Prompt
For each line in the data that includes "fillet", make a copy.

Records for this task
++++++++

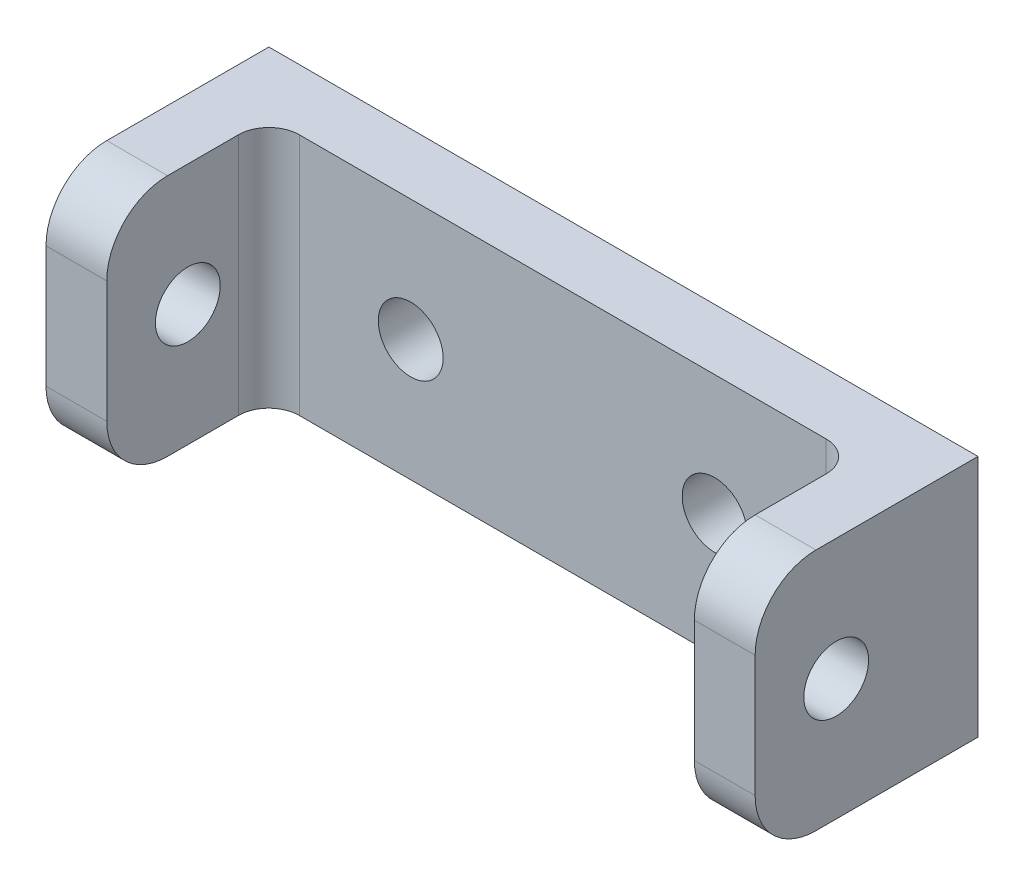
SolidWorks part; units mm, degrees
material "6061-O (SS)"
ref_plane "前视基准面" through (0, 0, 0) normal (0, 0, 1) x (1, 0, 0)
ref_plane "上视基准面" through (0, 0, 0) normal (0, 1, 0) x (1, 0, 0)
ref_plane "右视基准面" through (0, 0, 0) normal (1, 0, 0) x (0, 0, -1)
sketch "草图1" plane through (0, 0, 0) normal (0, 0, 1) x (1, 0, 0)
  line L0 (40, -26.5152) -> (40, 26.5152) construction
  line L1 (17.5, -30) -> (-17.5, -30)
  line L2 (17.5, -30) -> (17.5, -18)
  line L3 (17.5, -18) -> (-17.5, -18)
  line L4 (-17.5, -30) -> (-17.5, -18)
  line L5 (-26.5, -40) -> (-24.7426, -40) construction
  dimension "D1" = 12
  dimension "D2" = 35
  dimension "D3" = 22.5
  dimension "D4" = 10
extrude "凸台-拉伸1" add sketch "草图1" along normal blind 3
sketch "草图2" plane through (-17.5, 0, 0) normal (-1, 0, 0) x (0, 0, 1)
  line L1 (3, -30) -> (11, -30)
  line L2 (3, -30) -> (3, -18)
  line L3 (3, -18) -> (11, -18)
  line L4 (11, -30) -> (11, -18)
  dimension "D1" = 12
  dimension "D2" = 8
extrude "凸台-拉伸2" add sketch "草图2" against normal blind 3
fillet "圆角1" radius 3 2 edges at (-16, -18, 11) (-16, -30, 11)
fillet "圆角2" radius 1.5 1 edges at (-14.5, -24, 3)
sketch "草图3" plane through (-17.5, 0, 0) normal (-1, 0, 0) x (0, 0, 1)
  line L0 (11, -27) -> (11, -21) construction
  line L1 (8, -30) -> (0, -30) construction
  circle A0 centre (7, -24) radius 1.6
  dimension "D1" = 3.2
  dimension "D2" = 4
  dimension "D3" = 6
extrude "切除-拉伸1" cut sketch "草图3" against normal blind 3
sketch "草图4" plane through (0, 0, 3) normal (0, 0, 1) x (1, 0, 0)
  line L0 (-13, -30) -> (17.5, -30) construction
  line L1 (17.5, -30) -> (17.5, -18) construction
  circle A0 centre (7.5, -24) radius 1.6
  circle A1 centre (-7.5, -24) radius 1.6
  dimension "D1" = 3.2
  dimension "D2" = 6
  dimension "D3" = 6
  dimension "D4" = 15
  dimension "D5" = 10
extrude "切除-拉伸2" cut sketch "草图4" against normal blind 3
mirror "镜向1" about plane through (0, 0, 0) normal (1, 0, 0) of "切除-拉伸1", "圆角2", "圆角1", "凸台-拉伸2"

++++++++

Task answer
fillet "圆角1" radius 3 2 edges at (-16, -18, 11) (-16, -30, 11)
fillet "圆角2" radius 1.5 1 edges at (-14.5, -24, 3)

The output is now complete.